• EXERCISE DESCRIPTION: Return the lines below that carry the word "layers".

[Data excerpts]
______________________________

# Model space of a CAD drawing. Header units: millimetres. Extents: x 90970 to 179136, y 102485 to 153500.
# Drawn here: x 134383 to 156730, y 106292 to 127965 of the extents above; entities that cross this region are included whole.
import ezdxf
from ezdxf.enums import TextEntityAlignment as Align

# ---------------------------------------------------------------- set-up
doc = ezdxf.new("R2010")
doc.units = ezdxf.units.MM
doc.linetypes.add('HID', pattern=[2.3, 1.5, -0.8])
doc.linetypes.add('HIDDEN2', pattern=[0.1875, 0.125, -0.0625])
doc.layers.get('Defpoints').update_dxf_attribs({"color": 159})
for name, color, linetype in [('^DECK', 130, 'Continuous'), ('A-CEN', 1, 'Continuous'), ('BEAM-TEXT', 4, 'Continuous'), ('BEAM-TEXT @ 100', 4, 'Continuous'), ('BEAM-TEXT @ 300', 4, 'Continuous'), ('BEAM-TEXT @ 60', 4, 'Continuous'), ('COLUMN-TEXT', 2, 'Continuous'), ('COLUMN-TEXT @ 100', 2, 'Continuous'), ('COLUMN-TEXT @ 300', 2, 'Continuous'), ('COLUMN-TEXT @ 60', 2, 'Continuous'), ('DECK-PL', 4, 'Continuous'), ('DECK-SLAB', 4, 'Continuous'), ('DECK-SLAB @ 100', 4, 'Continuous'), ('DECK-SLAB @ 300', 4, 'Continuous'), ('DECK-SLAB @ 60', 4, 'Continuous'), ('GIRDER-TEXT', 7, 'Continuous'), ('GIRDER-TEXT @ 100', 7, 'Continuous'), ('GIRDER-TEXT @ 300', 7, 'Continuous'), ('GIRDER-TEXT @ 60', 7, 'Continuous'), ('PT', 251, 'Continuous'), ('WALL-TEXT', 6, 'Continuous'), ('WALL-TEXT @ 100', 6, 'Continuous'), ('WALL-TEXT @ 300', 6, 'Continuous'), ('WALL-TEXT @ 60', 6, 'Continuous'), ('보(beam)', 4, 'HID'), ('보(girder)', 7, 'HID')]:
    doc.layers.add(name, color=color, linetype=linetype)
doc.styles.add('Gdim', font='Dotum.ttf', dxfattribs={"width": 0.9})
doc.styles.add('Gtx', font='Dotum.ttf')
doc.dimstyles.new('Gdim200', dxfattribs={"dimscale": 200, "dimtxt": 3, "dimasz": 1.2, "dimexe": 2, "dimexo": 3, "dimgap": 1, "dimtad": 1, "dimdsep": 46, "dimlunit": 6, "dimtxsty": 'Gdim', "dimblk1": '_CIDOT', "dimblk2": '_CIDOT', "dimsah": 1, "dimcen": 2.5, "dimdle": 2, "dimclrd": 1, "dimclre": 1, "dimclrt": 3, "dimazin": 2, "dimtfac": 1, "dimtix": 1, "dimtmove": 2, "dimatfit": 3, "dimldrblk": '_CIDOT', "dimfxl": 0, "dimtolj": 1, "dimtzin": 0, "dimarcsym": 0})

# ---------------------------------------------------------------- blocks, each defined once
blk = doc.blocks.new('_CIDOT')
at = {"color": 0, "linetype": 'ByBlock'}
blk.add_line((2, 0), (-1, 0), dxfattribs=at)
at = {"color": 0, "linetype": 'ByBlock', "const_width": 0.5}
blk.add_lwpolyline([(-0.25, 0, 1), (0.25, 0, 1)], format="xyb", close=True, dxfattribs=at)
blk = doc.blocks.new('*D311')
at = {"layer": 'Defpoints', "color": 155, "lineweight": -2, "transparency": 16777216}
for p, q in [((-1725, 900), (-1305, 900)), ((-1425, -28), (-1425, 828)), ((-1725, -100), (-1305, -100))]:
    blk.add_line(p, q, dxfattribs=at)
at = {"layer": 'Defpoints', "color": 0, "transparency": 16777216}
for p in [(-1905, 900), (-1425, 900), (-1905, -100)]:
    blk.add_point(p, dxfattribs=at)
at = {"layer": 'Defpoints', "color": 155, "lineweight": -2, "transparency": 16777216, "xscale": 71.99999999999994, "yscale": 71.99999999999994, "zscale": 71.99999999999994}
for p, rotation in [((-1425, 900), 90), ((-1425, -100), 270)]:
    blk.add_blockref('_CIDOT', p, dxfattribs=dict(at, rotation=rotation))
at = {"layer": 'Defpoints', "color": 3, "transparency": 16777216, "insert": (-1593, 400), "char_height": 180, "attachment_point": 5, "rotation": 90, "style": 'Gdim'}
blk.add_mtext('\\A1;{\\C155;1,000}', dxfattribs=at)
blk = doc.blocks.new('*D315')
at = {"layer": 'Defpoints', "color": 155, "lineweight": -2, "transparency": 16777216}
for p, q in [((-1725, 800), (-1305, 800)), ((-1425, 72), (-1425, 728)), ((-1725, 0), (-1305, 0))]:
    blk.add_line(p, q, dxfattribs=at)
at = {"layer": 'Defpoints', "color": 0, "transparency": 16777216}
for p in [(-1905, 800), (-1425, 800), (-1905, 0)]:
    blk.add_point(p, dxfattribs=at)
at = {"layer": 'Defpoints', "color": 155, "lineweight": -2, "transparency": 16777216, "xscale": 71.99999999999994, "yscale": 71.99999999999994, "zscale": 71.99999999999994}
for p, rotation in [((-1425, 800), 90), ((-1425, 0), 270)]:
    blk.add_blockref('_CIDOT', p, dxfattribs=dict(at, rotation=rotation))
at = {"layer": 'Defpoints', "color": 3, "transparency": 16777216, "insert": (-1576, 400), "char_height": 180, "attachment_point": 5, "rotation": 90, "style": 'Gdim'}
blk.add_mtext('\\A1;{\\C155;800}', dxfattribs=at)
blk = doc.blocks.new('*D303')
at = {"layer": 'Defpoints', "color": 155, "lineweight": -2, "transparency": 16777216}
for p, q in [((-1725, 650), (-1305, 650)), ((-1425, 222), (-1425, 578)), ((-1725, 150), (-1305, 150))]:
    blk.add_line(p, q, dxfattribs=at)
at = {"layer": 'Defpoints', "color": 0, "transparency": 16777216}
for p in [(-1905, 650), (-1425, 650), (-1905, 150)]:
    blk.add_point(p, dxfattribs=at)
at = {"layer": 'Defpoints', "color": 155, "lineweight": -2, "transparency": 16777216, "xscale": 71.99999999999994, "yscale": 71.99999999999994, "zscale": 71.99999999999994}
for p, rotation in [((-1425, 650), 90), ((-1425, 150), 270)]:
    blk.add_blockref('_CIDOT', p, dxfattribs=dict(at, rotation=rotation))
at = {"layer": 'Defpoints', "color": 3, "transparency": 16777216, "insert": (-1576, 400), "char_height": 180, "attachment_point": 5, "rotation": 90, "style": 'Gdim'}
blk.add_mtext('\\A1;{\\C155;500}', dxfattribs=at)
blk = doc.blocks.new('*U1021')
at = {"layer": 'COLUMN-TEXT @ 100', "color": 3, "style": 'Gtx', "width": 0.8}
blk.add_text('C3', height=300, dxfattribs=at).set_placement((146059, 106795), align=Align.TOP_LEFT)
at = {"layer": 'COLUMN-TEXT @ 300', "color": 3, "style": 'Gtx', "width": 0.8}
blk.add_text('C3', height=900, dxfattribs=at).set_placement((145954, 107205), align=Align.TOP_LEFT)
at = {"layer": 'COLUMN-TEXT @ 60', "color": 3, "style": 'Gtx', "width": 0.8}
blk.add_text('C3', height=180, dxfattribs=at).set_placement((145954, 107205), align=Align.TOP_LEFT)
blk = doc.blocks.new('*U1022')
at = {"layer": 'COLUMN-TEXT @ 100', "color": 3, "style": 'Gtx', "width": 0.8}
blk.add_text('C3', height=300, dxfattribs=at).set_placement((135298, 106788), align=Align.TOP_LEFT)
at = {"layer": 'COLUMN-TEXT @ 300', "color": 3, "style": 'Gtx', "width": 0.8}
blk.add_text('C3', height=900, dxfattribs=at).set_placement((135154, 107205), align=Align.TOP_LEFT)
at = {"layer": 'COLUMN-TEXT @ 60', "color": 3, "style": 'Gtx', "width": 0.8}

______________________________

• SOLUTION TO THE EXERCISE:
doc.layers.get('Defpoints').update_dxf_attribs({"color": 159})
    doc.layers.add(name, color=color, linetype=linetype)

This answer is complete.